I can only imagine what I would have thought if I'd had these experiences before reading up on it or at least hearing of the concept.  I barely recalled any dreams before having my first lucid, and it was in response to hearing a podcast where they talked about LD.  The idea was really exciting to me and I kept thinking about it.  Then one night, I had a dream (probably a false awakening) where I was going downstairs and was suddenly filled with fear that I was going to set off our house alarm.  When I looked around, stuff was out of place, it all hit me, and I was hooked forever.   ::D: 





> Me too! I was so happy when I heard that a mainstream movie was going to tackle this subject. I don't care about the inaccuracies, because all movies take artistic liberties, but just the fact that the movie is out there and the word is out that it is based on something real - that is a wonderful thing. Eventually some kid who saw this is going to grow up and invent the device, technique or drug that makes lucid dreaming easily available to everyone. Just imagine the possibilities once that happens!

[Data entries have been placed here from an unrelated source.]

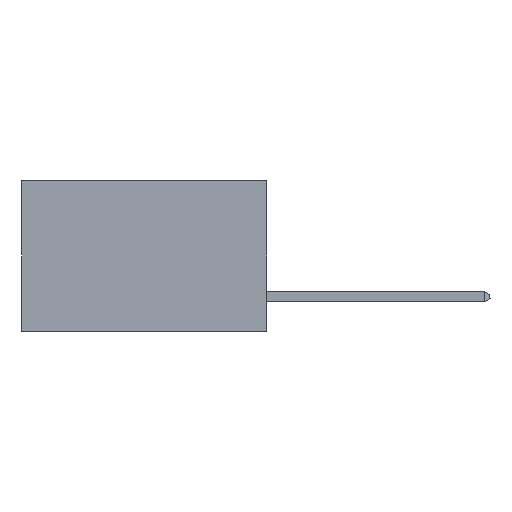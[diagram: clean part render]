
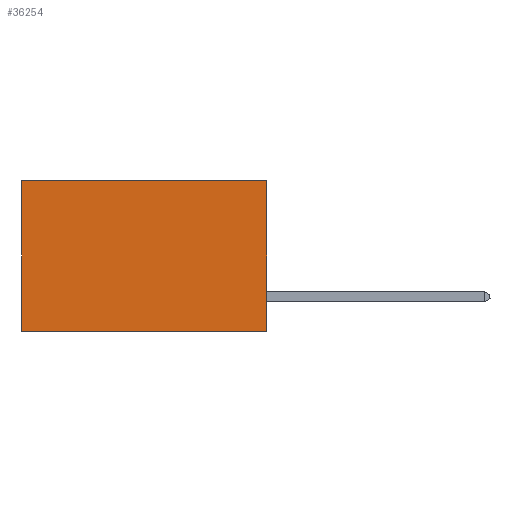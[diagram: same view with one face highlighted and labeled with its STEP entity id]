
A CAD part, left-side view. The second image highlights one B-rep face of the part: STEP entity #36254.
In plain terms, the highlighted planar face has unit normal (-1, 0, 0).
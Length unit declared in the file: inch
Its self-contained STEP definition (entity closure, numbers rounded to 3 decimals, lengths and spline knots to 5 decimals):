
#1214 = VECTOR ( 'NONE', #1532, 39.37008 ) ;
#1532 = DIRECTION ( 'NONE',  ( 0., 0., -1. ) ) ;
#1789 = EDGE_LOOP ( 'NONE', ( #2228, #38874, #14917, #24258 ) ) ;
#1808 = DIRECTION ( 'NONE',  ( 0., 0., -1. ) ) ;
#2221 = LINE ( 'NONE', #5061, #1214 ) ;
#2228 = ORIENTED_EDGE ( 'NONE', *, *, #36243, .T. ) ;
#2378 = EDGE_CURVE ( 'NONE', #33415, #8883, #13197, .T. ) ;
#2475 = CARTESIAN_POINT ( 'NONE',  ( 0.2875, 0., 0. ) ) ;
#2762 = DIRECTION ( 'NONE',  ( 0., 0., -1. ) ) ;
#3257 = FACE_OUTER_BOUND ( 'NONE', #1789, .T. ) ;
#5061 = CARTESIAN_POINT ( 'NONE',  ( 0.2875, 0.6, 0. ) ) ;
#8733 = VERTEX_POINT ( 'NONE', #23787 ) ;
#8883 = VERTEX_POINT ( 'NONE', #30063 ) ;
#9534 = CARTESIAN_POINT ( 'NONE',  ( 0.2875, 0.6, -0.37 ) ) ;
#9998 = EDGE_CURVE ( 'NONE', #8883, #17771, #32125, .T. ) ;
#11626 = DIRECTION ( 'NONE',  ( 0., 1., 0. ) ) ;
#13197 = LINE ( 'NONE', #2475, #18216 ) ;
#14917 = ORIENTED_EDGE ( 'NONE', *, *, #2378, .F. ) ;
#16983 = VECTOR ( 'NONE', #18233, 39.37008 ) ;
#17771 = VERTEX_POINT ( 'NONE', #9534 ) ;
#18216 = VECTOR ( 'NONE', #2762, 39.37008 ) ;
#18233 = DIRECTION ( 'NONE',  ( 0., 1., 0. ) ) ;
#21310 = EDGE_CURVE ( 'NONE', #33415, #8733, #29123, .T. ) ;
#23617 = CARTESIAN_POINT ( 'NONE',  ( 0.2875, 0., 0. ) ) ;
#23787 = CARTESIAN_POINT ( 'NONE',  ( 0.2875, 0.6, 0. ) ) ;
#24258 = ORIENTED_EDGE ( 'NONE', *, *, #21310, .T. ) ;
#24500 = DIRECTION ( 'NONE',  ( 1., 0., 0. ) ) ;
#29123 = LINE ( 'NONE', #31672, #16983 ) ;
#30063 = CARTESIAN_POINT ( 'NONE',  ( 0.2875, 0., -0.37 ) ) ;
#30873 = CARTESIAN_POINT ( 'NONE',  ( 0.2875, 0., 0. ) ) ;
#30931 = CARTESIAN_POINT ( 'NONE',  ( 0.2875, 0., -0.37 ) ) ;
#31672 = CARTESIAN_POINT ( 'NONE',  ( 0.2875, 0., 0. ) ) ;
#32125 = LINE ( 'NONE', #30931, #41751 ) ;
#33415 = VERTEX_POINT ( 'NONE', #23617 ) ;
#33838 = PLANE ( 'NONE',  #34794 ) ;
#34794 = AXIS2_PLACEMENT_3D ( 'NONE', #30873, #24500, #1808 ) ;
#36243 = EDGE_CURVE ( 'NONE', #8733, #17771, #2221, .T. ) ;
#36254 = ADVANCED_FACE ( 'NONE', ( #3257 ), #33838, .F. ) ;
#38874 = ORIENTED_EDGE ( 'NONE', *, *, #9998, .F. ) ;
#41751 = VECTOR ( 'NONE', #11626, 39.37008 ) ;
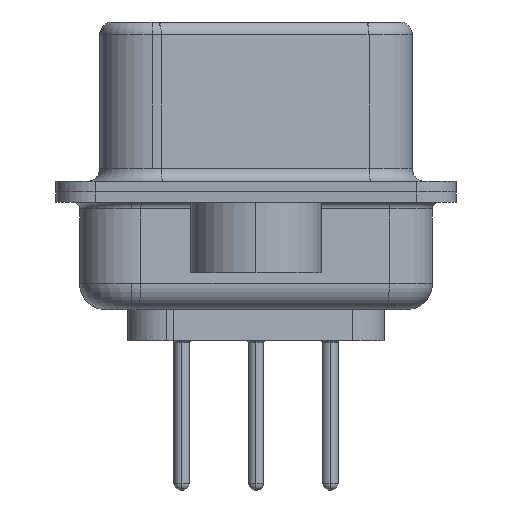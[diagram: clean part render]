
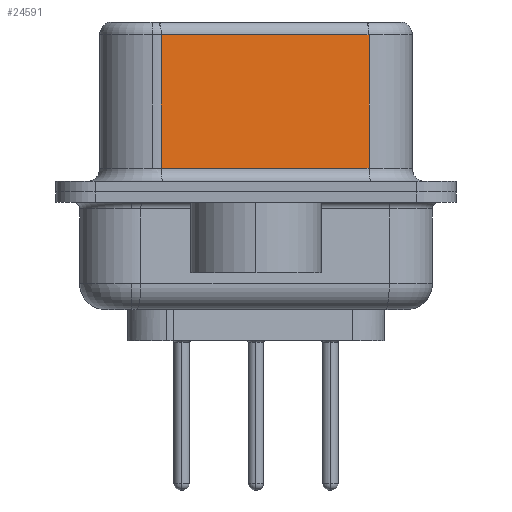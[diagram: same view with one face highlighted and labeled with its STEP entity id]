
A CAD part, left-side view. The second image highlights one B-rep face of the part: STEP entity #24591.
In plain terms, the highlighted planar face has unit normal (-0.985, -0.174, 0).
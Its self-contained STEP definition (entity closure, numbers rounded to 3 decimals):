
#317 = AXIS2_PLACEMENT_3D ( 'NONE', #24772, #13457, #22823 ) ;
#772 = LINE ( 'NONE', #9802, #23184 ) ;
#846 = VERTEX_POINT ( 'NONE', #2759 ) ;
#861 = ORIENTED_EDGE ( 'NONE', *, *, #26025, .T. ) ;
#1141 = DIRECTION ( 'NONE',  ( 0., 0., -1. ) ) ;
#1297 = EDGE_CURVE ( 'NONE', #26508, #27087, #13121, .T. ) ;
#1502 = VECTOR ( 'NONE', #1141, 1000. ) ;
#2759 = CARTESIAN_POINT ( 'NONE',  ( 3.73, 3.628, 0.9 ) ) ;
#6138 = DIRECTION ( 'NONE',  ( -0.174, 0.985, 0. ) ) ;
#6355 = CARTESIAN_POINT ( 'NONE',  ( 5.132, -4.322, 0.9 ) ) ;
#7843 = EDGE_CURVE ( 'NONE', #26508, #16340, #772, .T. ) ;
#8907 = CARTESIAN_POINT ( 'NONE',  ( 5.132, -4.322, 0.9 ) ) ;
#9802 = CARTESIAN_POINT ( 'NONE',  ( 5.132, -4.322, 6.52 ) ) ;
#9887 = LINE ( 'NONE', #18941, #1502 ) ;
#11336 = EDGE_CURVE ( 'NONE', #27087, #846, #9887, .T. ) ;
#12204 = CARTESIAN_POINT ( 'NONE',  ( 3.73, 3.628, 6.02 ) ) ;
#13121 = LINE ( 'NONE', #26477, #19022 ) ;
#13457 = DIRECTION ( 'NONE',  ( 0.985, 0.174, 0. ) ) ;
#13740 = ORIENTED_EDGE ( 'NONE', *, *, #11336, .T. ) ;
#14537 = DIRECTION ( 'NONE',  ( 0., 0., -1. ) ) ;
#15683 = PLANE ( 'NONE',  #317 ) ;
#16340 = VERTEX_POINT ( 'NONE', #6355 ) ;
#18019 = EDGE_LOOP ( 'NONE', ( #22750, #20305, #13740, #861 ) ) ;
#18353 = FACE_OUTER_BOUND ( 'NONE', #18019, .T. ) ;
#18941 = CARTESIAN_POINT ( 'NONE',  ( 3.73, 3.628, 6.52 ) ) ;
#19022 = VECTOR ( 'NONE', #6138, 1000. ) ;
#20305 = ORIENTED_EDGE ( 'NONE', *, *, #1297, .T. ) ;
#22750 = ORIENTED_EDGE ( 'NONE', *, *, #7843, .F. ) ;
#22823 = DIRECTION ( 'NONE',  ( -0.174, 0.985, 0. ) ) ;
#23184 = VECTOR ( 'NONE', #14537, 1000. ) ;
#24591 = ADVANCED_FACE ( 'NONE', ( #18353 ), #15683, .F. ) ;
#24657 = LINE ( 'NONE', #8907, #25994 ) ;
#24772 = CARTESIAN_POINT ( 'NONE',  ( 5.132, -4.322, 6.52 ) ) ;
#25994 = VECTOR ( 'NONE', #27145, 1000. ) ;
#26025 = EDGE_CURVE ( 'NONE', #846, #16340, #24657, .T. ) ;
#26477 = CARTESIAN_POINT ( 'NONE',  ( 5.132, -4.322, 6.02 ) ) ;
#26508 = VERTEX_POINT ( 'NONE', #26681 ) ;
#26681 = CARTESIAN_POINT ( 'NONE',  ( 5.132, -4.322, 6.02 ) ) ;
#27087 = VERTEX_POINT ( 'NONE', #12204 ) ;
#27145 = DIRECTION ( 'NONE',  ( 0.174, -0.985, 0. ) ) ;

No kidding!  What mattered most to me is what they got right and all of the ways that they brought dream vividness, lucidity, and control into the public consciousness.  And to just generally break the ice in terms of talking about dreams, something people are at times oddly reluctant to do.

And the idea of someone cracking the neurochemical puzzle that makes lucid dreaming (more or less) universally available... it's an incredible possibility to think about!  No doubt it'll come with downsides -- controversy, resistance, risk of psychological addiction, etc.  But what an amazing thing 





> Have you experienced actual nested dreams, i.e. not just waking up from one dream into another (FA), but going to sleep in one dream, waking up in another, and then going back afterwards? Because that would be awesome!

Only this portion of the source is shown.